#### Activity:
Provide again, from the entries below, every line from the one containing "- net PD9: now also J201.43;" through the one containing "- net PG5: now also J201.83;", exactly as written, and no other line.

(Data items)
*** Block opens ***

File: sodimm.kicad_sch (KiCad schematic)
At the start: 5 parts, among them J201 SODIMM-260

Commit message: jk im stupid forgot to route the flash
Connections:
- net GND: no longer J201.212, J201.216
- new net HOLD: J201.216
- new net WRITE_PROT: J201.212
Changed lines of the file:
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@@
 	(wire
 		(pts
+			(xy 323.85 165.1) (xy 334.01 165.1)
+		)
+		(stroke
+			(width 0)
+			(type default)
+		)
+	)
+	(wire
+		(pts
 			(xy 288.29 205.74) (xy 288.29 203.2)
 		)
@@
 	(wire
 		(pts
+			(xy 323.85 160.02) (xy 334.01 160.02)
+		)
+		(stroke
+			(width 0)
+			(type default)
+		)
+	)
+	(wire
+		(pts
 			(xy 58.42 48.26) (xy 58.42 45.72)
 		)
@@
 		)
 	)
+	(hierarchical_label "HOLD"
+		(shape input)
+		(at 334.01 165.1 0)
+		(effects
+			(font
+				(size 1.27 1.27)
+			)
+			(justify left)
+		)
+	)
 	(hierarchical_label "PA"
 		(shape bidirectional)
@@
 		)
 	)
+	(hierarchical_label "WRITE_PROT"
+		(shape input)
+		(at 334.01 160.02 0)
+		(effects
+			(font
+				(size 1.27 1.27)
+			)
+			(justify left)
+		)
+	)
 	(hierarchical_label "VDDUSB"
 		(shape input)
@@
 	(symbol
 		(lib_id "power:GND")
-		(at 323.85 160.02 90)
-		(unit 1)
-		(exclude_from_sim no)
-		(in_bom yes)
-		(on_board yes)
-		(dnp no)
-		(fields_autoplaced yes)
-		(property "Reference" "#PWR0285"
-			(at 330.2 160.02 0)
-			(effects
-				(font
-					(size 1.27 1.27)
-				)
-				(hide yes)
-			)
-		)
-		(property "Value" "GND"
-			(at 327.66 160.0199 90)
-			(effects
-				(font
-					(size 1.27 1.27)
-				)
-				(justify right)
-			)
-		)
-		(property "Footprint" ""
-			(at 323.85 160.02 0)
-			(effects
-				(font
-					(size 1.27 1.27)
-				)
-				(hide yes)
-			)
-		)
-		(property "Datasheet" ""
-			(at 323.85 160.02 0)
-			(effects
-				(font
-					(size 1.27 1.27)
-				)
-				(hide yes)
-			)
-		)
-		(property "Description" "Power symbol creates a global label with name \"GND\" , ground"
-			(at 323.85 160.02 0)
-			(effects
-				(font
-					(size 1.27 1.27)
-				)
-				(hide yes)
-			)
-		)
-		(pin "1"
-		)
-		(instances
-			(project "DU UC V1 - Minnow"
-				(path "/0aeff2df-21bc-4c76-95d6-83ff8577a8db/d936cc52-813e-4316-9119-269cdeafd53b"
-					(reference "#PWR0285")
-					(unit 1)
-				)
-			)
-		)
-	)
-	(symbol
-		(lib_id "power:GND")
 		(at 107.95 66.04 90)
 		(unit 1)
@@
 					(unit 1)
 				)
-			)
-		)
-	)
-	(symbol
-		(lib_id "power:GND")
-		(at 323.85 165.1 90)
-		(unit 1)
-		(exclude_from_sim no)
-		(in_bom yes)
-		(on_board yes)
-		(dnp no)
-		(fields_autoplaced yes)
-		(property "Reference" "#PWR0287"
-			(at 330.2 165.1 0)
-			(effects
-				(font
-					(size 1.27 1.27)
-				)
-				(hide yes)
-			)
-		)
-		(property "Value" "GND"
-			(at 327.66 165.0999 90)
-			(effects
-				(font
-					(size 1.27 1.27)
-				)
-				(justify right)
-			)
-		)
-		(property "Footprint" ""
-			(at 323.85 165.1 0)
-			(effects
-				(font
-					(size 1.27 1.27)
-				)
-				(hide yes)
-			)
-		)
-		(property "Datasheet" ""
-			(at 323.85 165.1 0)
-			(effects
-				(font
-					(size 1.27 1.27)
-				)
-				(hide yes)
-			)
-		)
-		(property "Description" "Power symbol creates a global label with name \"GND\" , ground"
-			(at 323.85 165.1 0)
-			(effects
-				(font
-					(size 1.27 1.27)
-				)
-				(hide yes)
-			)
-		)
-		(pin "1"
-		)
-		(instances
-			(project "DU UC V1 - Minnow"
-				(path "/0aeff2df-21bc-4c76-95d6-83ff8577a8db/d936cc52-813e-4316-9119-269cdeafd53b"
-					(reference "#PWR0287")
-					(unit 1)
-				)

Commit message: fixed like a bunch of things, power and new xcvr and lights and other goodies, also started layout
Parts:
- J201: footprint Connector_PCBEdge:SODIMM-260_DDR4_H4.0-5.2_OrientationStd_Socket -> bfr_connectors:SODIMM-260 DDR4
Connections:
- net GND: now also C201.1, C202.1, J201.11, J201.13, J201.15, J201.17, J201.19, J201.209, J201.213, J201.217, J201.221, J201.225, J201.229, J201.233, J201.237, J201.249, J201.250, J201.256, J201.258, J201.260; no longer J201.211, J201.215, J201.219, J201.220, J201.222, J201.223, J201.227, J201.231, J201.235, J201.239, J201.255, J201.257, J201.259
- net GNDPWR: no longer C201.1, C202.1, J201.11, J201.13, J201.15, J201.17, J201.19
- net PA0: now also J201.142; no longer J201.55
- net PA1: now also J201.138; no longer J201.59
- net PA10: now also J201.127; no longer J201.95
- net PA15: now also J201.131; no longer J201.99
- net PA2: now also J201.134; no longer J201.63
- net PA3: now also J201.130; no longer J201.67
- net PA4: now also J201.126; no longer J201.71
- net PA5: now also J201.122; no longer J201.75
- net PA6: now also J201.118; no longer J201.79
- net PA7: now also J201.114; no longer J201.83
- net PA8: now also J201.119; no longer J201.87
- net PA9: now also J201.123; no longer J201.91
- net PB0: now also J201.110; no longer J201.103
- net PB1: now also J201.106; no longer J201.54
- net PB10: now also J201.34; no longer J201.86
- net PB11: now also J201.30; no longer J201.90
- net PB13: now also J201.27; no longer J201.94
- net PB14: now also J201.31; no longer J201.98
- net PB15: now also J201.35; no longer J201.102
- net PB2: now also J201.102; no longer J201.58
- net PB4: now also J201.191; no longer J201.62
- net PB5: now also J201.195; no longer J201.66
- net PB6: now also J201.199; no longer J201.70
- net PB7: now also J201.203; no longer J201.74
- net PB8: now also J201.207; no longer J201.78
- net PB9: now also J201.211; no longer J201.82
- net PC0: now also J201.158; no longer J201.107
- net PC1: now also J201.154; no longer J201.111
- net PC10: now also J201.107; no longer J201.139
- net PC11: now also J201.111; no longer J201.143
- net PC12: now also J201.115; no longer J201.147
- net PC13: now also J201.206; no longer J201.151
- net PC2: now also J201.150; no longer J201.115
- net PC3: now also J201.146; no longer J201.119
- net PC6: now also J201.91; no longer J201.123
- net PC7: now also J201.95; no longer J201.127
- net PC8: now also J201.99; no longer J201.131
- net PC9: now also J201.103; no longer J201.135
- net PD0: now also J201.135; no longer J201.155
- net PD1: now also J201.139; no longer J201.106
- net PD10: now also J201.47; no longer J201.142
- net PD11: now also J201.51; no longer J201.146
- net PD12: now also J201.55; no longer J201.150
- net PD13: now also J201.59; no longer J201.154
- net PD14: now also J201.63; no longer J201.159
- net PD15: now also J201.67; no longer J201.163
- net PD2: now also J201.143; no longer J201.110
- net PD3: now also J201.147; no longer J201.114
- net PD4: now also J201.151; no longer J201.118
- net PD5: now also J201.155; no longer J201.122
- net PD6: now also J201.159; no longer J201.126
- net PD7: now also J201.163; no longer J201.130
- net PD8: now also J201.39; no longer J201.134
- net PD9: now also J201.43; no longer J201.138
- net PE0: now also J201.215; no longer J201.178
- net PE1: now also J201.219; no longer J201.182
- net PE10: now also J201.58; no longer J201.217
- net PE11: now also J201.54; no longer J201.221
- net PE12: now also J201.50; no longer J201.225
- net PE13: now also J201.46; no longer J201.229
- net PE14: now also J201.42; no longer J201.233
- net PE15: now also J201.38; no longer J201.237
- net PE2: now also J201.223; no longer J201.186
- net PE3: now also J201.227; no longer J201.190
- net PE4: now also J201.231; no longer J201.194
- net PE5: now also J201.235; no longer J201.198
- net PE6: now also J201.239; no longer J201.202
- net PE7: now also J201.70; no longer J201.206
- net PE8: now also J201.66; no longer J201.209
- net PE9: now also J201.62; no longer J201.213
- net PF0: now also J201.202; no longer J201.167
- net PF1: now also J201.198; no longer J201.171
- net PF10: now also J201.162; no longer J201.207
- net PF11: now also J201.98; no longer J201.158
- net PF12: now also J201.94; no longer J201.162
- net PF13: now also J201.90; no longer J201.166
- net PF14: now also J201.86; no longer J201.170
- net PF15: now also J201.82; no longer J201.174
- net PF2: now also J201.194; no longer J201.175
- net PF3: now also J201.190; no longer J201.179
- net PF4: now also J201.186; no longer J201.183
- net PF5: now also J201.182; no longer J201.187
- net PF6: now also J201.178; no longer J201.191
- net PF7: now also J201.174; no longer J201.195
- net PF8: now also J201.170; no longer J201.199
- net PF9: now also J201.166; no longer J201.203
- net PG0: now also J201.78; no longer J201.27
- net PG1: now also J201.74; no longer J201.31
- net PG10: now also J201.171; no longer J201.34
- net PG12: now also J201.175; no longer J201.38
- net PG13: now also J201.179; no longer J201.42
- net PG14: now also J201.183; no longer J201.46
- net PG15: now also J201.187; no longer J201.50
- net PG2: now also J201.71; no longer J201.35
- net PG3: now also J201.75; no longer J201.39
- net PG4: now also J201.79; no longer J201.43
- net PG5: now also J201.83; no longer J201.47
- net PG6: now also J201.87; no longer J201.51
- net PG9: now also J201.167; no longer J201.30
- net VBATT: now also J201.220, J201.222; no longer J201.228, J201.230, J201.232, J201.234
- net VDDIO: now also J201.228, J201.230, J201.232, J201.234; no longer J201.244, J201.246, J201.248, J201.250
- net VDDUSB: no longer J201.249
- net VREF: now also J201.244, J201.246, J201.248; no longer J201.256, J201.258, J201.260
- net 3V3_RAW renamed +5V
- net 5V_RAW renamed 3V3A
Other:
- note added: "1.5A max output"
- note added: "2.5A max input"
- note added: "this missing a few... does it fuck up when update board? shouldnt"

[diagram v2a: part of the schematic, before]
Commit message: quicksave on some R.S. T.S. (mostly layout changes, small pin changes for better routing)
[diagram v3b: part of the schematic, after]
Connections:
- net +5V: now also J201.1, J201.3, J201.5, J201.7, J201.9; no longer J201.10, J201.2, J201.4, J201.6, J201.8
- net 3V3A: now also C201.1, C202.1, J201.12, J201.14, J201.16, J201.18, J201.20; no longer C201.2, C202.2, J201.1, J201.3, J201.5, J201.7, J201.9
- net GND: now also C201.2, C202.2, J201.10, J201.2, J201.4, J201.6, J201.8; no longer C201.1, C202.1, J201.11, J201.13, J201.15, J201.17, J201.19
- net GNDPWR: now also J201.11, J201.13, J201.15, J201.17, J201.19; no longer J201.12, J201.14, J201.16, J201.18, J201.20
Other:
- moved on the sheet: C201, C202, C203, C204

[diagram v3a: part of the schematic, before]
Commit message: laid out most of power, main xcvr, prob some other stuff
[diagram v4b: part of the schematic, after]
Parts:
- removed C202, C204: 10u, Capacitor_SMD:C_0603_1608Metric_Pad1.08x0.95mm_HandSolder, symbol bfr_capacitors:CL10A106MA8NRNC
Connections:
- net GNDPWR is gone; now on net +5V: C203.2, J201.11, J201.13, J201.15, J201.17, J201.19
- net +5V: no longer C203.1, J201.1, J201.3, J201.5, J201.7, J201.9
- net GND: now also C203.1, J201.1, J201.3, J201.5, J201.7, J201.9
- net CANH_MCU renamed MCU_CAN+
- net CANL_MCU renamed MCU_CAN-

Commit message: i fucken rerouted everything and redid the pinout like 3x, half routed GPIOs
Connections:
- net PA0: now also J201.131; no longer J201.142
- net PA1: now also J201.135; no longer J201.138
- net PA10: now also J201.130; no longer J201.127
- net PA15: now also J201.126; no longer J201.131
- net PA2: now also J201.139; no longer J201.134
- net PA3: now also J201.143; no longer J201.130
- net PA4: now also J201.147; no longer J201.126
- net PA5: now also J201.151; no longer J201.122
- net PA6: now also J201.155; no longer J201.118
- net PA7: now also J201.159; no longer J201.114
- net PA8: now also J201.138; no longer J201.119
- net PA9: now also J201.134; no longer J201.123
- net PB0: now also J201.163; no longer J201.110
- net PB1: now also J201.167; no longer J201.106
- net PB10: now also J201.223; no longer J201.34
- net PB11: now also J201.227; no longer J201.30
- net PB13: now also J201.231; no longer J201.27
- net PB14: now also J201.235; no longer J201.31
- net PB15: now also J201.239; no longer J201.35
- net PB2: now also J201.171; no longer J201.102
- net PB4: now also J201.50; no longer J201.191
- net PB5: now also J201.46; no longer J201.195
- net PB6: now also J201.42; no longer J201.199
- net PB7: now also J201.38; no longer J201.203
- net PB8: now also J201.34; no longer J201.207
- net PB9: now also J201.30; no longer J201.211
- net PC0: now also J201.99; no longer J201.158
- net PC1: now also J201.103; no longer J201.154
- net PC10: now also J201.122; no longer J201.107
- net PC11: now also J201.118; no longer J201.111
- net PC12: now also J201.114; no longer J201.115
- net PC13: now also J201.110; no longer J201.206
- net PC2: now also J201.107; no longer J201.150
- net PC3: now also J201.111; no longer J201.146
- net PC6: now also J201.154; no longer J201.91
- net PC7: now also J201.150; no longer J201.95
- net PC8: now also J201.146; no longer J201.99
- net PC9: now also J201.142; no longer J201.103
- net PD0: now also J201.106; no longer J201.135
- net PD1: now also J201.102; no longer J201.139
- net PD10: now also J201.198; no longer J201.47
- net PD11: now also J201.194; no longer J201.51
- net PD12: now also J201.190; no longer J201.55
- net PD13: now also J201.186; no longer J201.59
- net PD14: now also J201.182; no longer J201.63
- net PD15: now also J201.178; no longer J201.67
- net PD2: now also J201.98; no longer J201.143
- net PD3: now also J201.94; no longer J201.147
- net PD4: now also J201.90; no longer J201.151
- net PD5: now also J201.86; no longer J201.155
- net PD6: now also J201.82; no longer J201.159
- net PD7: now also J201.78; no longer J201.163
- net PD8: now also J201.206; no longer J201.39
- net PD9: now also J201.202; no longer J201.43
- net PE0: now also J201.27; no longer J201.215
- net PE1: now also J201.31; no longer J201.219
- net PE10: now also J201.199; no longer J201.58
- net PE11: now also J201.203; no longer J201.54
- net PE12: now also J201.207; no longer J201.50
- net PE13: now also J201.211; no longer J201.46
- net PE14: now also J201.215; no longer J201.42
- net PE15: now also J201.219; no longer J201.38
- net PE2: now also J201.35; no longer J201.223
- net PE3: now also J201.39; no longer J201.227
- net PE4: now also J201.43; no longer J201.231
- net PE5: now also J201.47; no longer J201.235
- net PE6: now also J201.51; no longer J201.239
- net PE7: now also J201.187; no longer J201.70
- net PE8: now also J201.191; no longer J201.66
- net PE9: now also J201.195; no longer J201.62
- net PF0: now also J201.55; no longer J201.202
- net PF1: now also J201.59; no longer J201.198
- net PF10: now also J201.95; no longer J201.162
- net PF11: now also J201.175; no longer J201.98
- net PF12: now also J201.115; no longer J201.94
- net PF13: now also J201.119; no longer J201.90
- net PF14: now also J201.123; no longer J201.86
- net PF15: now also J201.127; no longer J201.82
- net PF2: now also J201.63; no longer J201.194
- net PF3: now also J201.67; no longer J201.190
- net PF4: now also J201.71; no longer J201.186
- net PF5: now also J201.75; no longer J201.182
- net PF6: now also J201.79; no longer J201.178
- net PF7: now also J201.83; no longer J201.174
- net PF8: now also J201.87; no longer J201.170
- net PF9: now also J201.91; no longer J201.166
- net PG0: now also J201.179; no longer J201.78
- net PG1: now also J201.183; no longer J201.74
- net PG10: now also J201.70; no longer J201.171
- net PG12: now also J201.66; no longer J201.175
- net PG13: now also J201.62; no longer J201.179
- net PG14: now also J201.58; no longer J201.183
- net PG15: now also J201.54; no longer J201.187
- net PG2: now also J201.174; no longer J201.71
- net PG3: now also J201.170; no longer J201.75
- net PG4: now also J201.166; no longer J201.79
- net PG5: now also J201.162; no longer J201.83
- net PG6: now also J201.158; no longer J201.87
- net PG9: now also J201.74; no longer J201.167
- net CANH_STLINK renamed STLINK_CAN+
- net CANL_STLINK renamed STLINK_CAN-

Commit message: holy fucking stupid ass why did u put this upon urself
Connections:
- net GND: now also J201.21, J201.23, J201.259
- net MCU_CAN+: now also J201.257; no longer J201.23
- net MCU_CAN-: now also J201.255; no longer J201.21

*** Block closes ***

#### Solution to this exercise:
- net PD9: now also J201.43; no longer J201.138
- net PE0: now also J201.215; no longer J201.178
- net PE1: now also J201.219; no longer J201.182
- net PE10: now also J201.58; no longer J201.217
- net PE11: now also J201.54; no longer J201.221
- net PE12: now also J201.50; no longer J201.225
- net PE13: now also J201.46; no longer J201.229
- net PE14: now also J201.42; no longer J201.233
- net PE15: now also J201.38; no longer J201.237
- net PE2: now also J201.223; no longer J201.186
- net PE3: now also J201.227; no longer J201.190
- net PE4: now also J201.231; no longer J201.194
- net PE5: now also J201.235; no longer J201.198
- net PE6: now also J201.239; no longer J201.202
- net PE7: now also J201.70; no longer J201.206
- net PE8: now also J201.66; no longer J201.209
- net PE9: now also J201.62; no longer J201.213
- net PF0: now also J201.202; no longer J201.167
- net PF1: now also J201.198; no longer J201.171
- net PF10: now also J201.162; no longer J201.207
- net PF11: now also J201.98; no longer J201.158
- net PF12: now also J201.94; no longer J201.162
- net PF13: now also J201.90; no longer J201.166
- net PF14: now also J201.86; no longer J201.170
- net PF15: now also J201.82; no longer J201.174
- net PF2: now also J201.194; no longer J201.175
- net PF3: now also J201.190; no longer J201.179
- net PF4: now also J201.186; no longer J201.183
- net PF5: now also J201.182; no longer J201.187
- net PF6: now also J201.178; no longer J201.191
- net PF7: now also J201.174; no longer J201.195
- net PF8: now also J201.170; no longer J201.199
- net PF9: now also J201.166; no longer J201.203
- net PG0: now also J201.78; no longer J201.27
- net PG1: now also J201.74; no longer J201.31
- net PG10: now also J201.171; no longer J201.34
- net PG12: now also J201.175; no longer J201.38
- net PG13: now also J201.179; no longer J201.42
- net PG14: now also J201.183; no longer J201.46
- net PG15: now also J201.187; no longer J201.50
- net PG2: now also J201.71; no longer J201.35
- net PG3: now also J201.75; no longer J201.39
- net PG4: now also J201.79; no longer J201.43
- net PG5: now also J201.83; no longer J201.47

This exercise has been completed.